Chereads / This Love Is Unbreakable / Chapter 2 - Bab 1. Pertemuan

Chapter 2 - Bab 1. Pertemuan

1 Maret 1939, Djokjakarta, Hindia Belanda

Seorang gadis kecil berkulit sawo matang dengan rambut ikal sebahu tampak sibuk mencoret-coret pagar tembok bewarna putih, ia dengan antusias mengabadikan maha karyanya berupa lukisan gunung kembar dengan matahari terbit dan sepetak sawah. Ya, tanpa merasa bersalah gadis kecil itu melukis pagar tembok rumah milik keluar Inggris - Belanda yang menjadi orang terpandang sekaligus terkaya di desanya.

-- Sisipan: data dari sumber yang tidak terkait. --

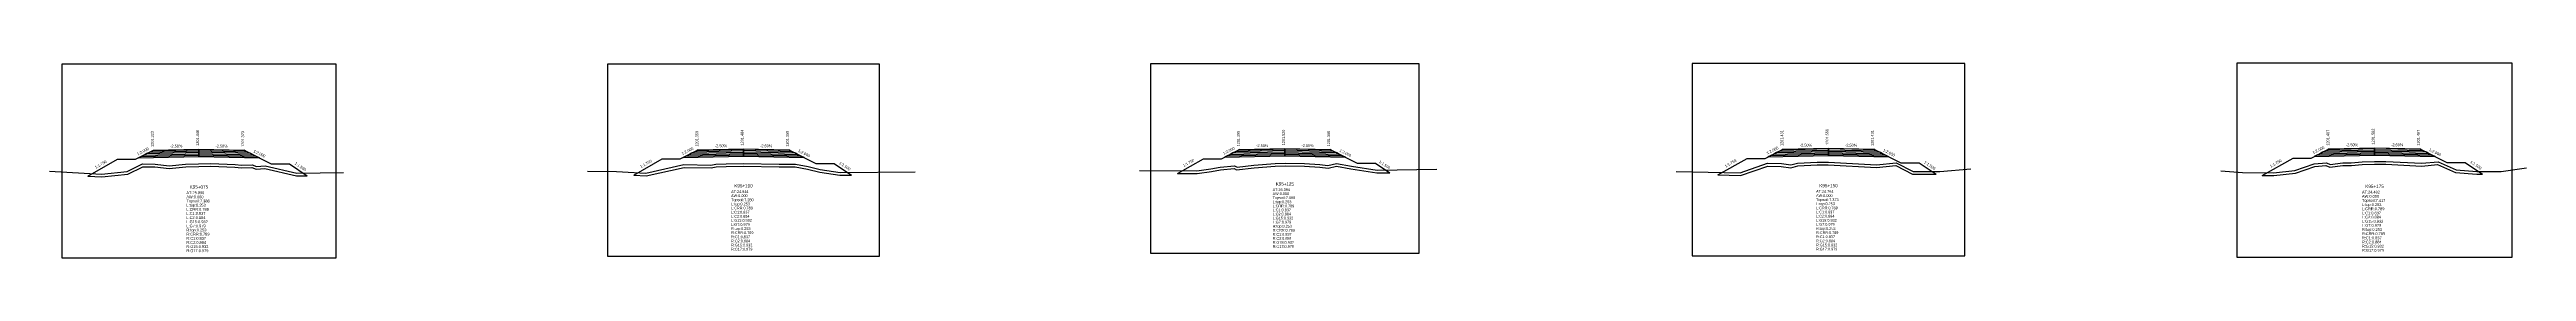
# Model space of a CAD drawing. Extents: x -7 to 78429, y 1189 to 1262.
# Drawn here: x 22939.5 to 23213.1, y 1189.4 to 1211 of the extents above; entities that cross this region are included whole.
import ezdxf
from ezdxf.enums import TextEntityAlignment as Align

# ---------------------------------------------------------------- set-up
doc = ezdxf.new("R2010")
doc.units = 0

msp = doc.modelspace()

# ---------------------------------------------------------------- linework, layer by layer
at = {"layer": 'A4_BORDER', "color": 7}
for points in [[(22940.831, 1189.422), (22971.139, 1189.422), (22971.139, 1210.852), (22940.831, 1210.852), (22940.831, 1189.422)], [(23001.112, 1189.608), (23031.19, 1189.608), (23031.19, 1210.875), (23001.112, 1210.875), (23001.112, 1189.608)], [(23061.108, 1189.911), (23090.808, 1189.911), (23090.808, 1210.911), (23061.108, 1210.911), (23061.108, 1189.911)], [(23120.944, 1189.611), (23151.087, 1189.611), (23151.087, 1210.924), (23120.944, 1210.924), (23120.944, 1189.611)], [(23181.137, 1189.466), (23211.541, 1189.466), (23211.541, 1210.963), (23181.137, 1210.963), (23181.137, 1189.466)]]:
    msp.add_lwpolyline(points, dxfattribs=at)
at = {"layer": 'CLEAR_GROUND', "color": 8}
for points in [[(22943.712, 1198.453), (22945.244, 1198.366), (22948.128, 1198.674), (22949.807, 1199.506), (22951.124, 1199.476), (22952.687, 1199.29), (22954.532, 1199.504), (22955.963, 1199.535), (22957.301, 1199.549), (22959.962, 1199.451), (22960.687, 1199.367), (22961.84, 1199.415), (22962.322, 1199.242), (22963.267, 1199.314), (22966.766, 1198.491), (22967.959, 1198.507)], [(23004.021, 1198.57), (23005.391, 1198.501), (23009.592, 1199.433), (23012.571, 1199.389), (23013.134, 1199.48), (23014.243, 1199.538), (23016.149, 1199.578), (23020.102, 1199.503), (23021.865, 1199.486), (23023.221, 1199.241), (23024.566, 1198.912), (23026.791, 1198.559), (23028.083, 1198.571)], [(23064.099, 1198.761), (23066.257, 1198.757), (23067.838, 1198.969), (23068.836, 1199.147), (23070.346, 1199.299), (23070.632, 1199.147), (23072.573, 1199.362), (23074.895, 1199.562), (23076.007, 1199.601), (23078.125, 1199.559), (23079.806, 1199.466), (23080.726, 1199.348), (23081.67, 1199.547), (23083.254, 1199.28), (23086.132, 1198.816), (23087.539, 1198.841)], [(23123.799, 1198.593), (23126.29, 1198.54), (23129.331, 1199.578), (23130.79, 1199.544), (23131.873, 1199.398), (23132.645, 1199.59), (23134.776, 1199.724), (23135.994, 1199.703), (23141.314, 1199.423), (23143.446, 1199.64), (23145.282, 1198.691), (23147.913, 1198.666)], [(23183.942, 1198.526), (23185.2, 1198.513), (23187.604, 1198.785), (23189.742, 1199.529), (23190.968, 1199.626), (23191.385, 1199.436), (23192.85, 1199.623), (23193.791, 1199.635), (23194.977, 1199.739), (23196.333, 1199.772), (23197.597, 1199.773), (23201.574, 1199.578), (23203.308, 1199.737), (23205.301, 1198.878), (23207.633, 1198.685), (23208.264, 1198.683)]]:
    msp.add_lwpolyline(points, dxfattribs=at)
at = {"layer": 'DESIGN_ROAD_TRIMMED', "color": 1}
for points in [[(22943.712, 1198.453), (22946.985, 1200.323), (22948.985, 1200.323), (22950.985, 1201.323), (22950.985, 1201.323), (22950.88, 1201.27), (22950.88, 1201.27), (22950.564, 1201.112), (22950.564, 1201.112), (22950.248, 1200.955), (22950.248, 1200.955), (22949.932, 1200.797), (22949.932, 1200.797), (22949.616, 1200.639), (22949.616, 1200.639), (22949.301, 1200.481), (22955.985, 1200.648), (22955.985, 1200.798), (22955.985, 1200.798), (22955.985, 1200.948), (22955.985, 1200.948), (22955.985, 1201.098), (22955.985, 1201.098), (22955.985, 1201.248), (22955.985, 1201.248), (22955.985, 1201.398), (22955.985, 1201.398), (22955.985, 1201.448), (22955.985, 1201.448), (22955.985, 1201.448), (22955.985, 1201.448), (22955.985, 1201.448), (22955.985, 1201.398), (22955.985, 1201.398), (22955.985, 1201.248), (22955.985, 1201.248), (22955.985, 1201.098), (22955.985, 1201.098), (22955.985, 1200.948), (22955.985, 1200.948), (22955.985, 1200.798), (22955.985, 1200.798), (22955.985, 1200.648), (22962.669, 1200.481), (22962.353, 1200.639), (22962.353, 1200.639), (22962.038, 1200.797), (22962.038, 1200.797), (22961.722, 1200.955), (22961.722, 1200.955), (22961.406, 1201.112), (22961.406, 1201.112), (22961.09, 1201.27), (22961.09, 1201.27), (22960.985, 1201.323), (22960.985, 1201.323), (22963.985, 1199.823), (22965.985, 1199.823), (22967.959, 1198.507)], [(23004.021, 1198.57), (23007.151, 1200.359), (23009.151, 1200.359), (23011.151, 1201.359), (23011.151, 1201.359), (23011.046, 1201.306), (23011.046, 1201.306), (23010.73, 1201.148), (23010.73, 1201.148), (23010.414, 1200.991), (23010.414, 1200.991), (23010.098, 1200.833), (23010.098, 1200.833), (23009.783, 1200.675), (23009.783, 1200.675), (23009.467, 1200.517), (23016.151, 1200.684), (23016.151, 1200.834), (23016.151, 1200.834), (23016.151, 1200.984), (23016.151, 1200.984), (23016.151, 1201.134), (23016.151, 1201.134), (23016.151, 1201.284), (23016.151, 1201.284), (23016.151, 1201.434), (23016.151, 1201.434), (23016.151, 1201.484), (23016.151, 1201.484), (23016.151, 1201.484), (23016.151, 1201.484), (23016.151, 1201.484), (23016.151, 1201.434), (23016.151, 1201.434), (23016.151, 1201.284), (23016.151, 1201.284), (23016.151, 1201.134), (23016.151, 1201.134), (23016.151, 1200.984), (23016.151, 1200.984), (23016.151, 1200.834), (23016.151, 1200.834), (23016.151, 1200.684), (23022.835, 1200.517), (23022.519, 1200.675), (23022.519, 1200.675), (23022.204, 1200.833), (23022.204, 1200.833), (23021.888, 1200.991), (23021.888, 1200.991), (23021.572, 1201.148), (23021.572, 1201.148), (23021.256, 1201.306), (23021.256, 1201.306), (23021.151, 1201.359), (23021.151, 1201.359), (23024.151, 1199.859), (23026.151, 1199.859), (23028.083, 1198.571)], [(23064.099, 1198.761), (23066.958, 1200.395), (23068.958, 1200.395), (23070.958, 1201.395), (23070.958, 1201.395), (23070.852, 1201.342), (23070.852, 1201.342), (23070.537, 1201.184), (23070.537, 1201.184), (23070.221, 1201.027), (23070.221, 1201.027), (23069.905, 1200.869), (23069.905, 1200.869), (23069.589, 1200.711), (23069.589, 1200.711), (23069.273, 1200.553), (23075.958, 1200.72), (23075.958, 1200.87), (23075.958, 1200.87), (23075.958, 1201.02), (23075.958, 1201.02), (23075.958, 1201.17), (23075.958, 1201.17), (23075.958, 1201.32), (23075.958, 1201.32), (23075.958, 1201.47), (23075.958, 1201.47), (23075.958, 1201.52), (23075.958, 1201.52), (23075.958, 1201.52), (23075.958, 1201.52), (23075.958, 1201.52), (23075.958, 1201.47), (23075.958, 1201.47), (23075.958, 1201.32), (23075.958, 1201.32), (23075.958, 1201.17), (23075.958, 1201.17), (23075.958, 1201.02), (23075.958, 1201.02), (23075.958, 1200.87), (23075.958, 1200.87), (23075.958, 1200.72), (23082.642, 1200.553), (23082.326, 1200.711), (23082.326, 1200.711), (23082.01, 1200.869), (23082.01, 1200.869), (23081.694, 1201.027), (23081.694, 1201.027), (23081.379, 1201.184), (23081.379, 1201.184), (23081.063, 1201.342), (23081.063, 1201.342), (23080.958, 1201.395), (23080.958, 1201.395), (23083.958, 1199.895), (23085.958, 1199.895), (23087.539, 1198.841)], [(23123.799, 1198.593), (23127.015, 1200.431), (23129.015, 1200.431), (23131.015, 1201.431), (23131.015, 1201.431), (23130.91, 1201.378), (23130.91, 1201.378), (23130.594, 1201.22), (23130.594, 1201.22), (23130.279, 1201.063), (23130.279, 1201.063), (23129.963, 1200.905), (23129.963, 1200.905), (23129.647, 1200.747), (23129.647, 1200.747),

"Berhenti Soledad, sudah cukup. Kalau ketahuan Oma Maria kita bisa gawat, sebaiknya kita pergi!" pinta Ratna, teman main gadis kecil bernama Soledad itu.

Lain Soledad lain pula Ratna. Soledad gadis kecil nakal biang keributan yang doyan adu jotos dengan anak-anak kulit putih (Eropa) yang sangat tidak disukainya. Sedangkan Ratna, anak perempuan manis yang cenderung kalem dan penyabar.

Seperti tak mengindahkan ucapan temannya, Soledad semakin menjadi-jadi. Ia mencampur cat minyak bewarna coklat sisa dengan seduhan air yang dicampur serbuk arang hitam. Dengan penuh dendam ia lemparkan sisa cairan bewarna di dalam ember ke setiap dinding.

"Ing wektu iki, penjaga omah kudu turu. Ora perlu kuwatir! (Pukul segini, penjaga rumah pasti sedang tidur, tidak perlu khawatir!)" ucap Soledad.

"Wo, jan payah tenan Soledad iki, ra dhongan! (Wo, payah sekali Soledad ini, tidak mau mengerti!)" keluh Ratna. Bagi Ratna, menasehati Soledad sama seperti menasehati kerbau, sama-sama tak mau mendengarkan.

Soledad bersiul-siul seperti burung, tanpa merasa bersalah sama sekali dengan perbuatannya, ia tidak tahu imbas dari kenalannya pada siapa kalau bukan pada Bapak dan Simboknya yang mencari rezeki dengan bekerja pada keluarga Eropa ini.

Dua puluh menit sudah, lukisan gunung di dinding mulai mengering terkena panas matahari. Bukannya cantik dan indah, lukisannya buruk sekali. Ratna menggigit bibirnya, takut dimarahi meski dia sama sekali tidak melakukan apa-apa.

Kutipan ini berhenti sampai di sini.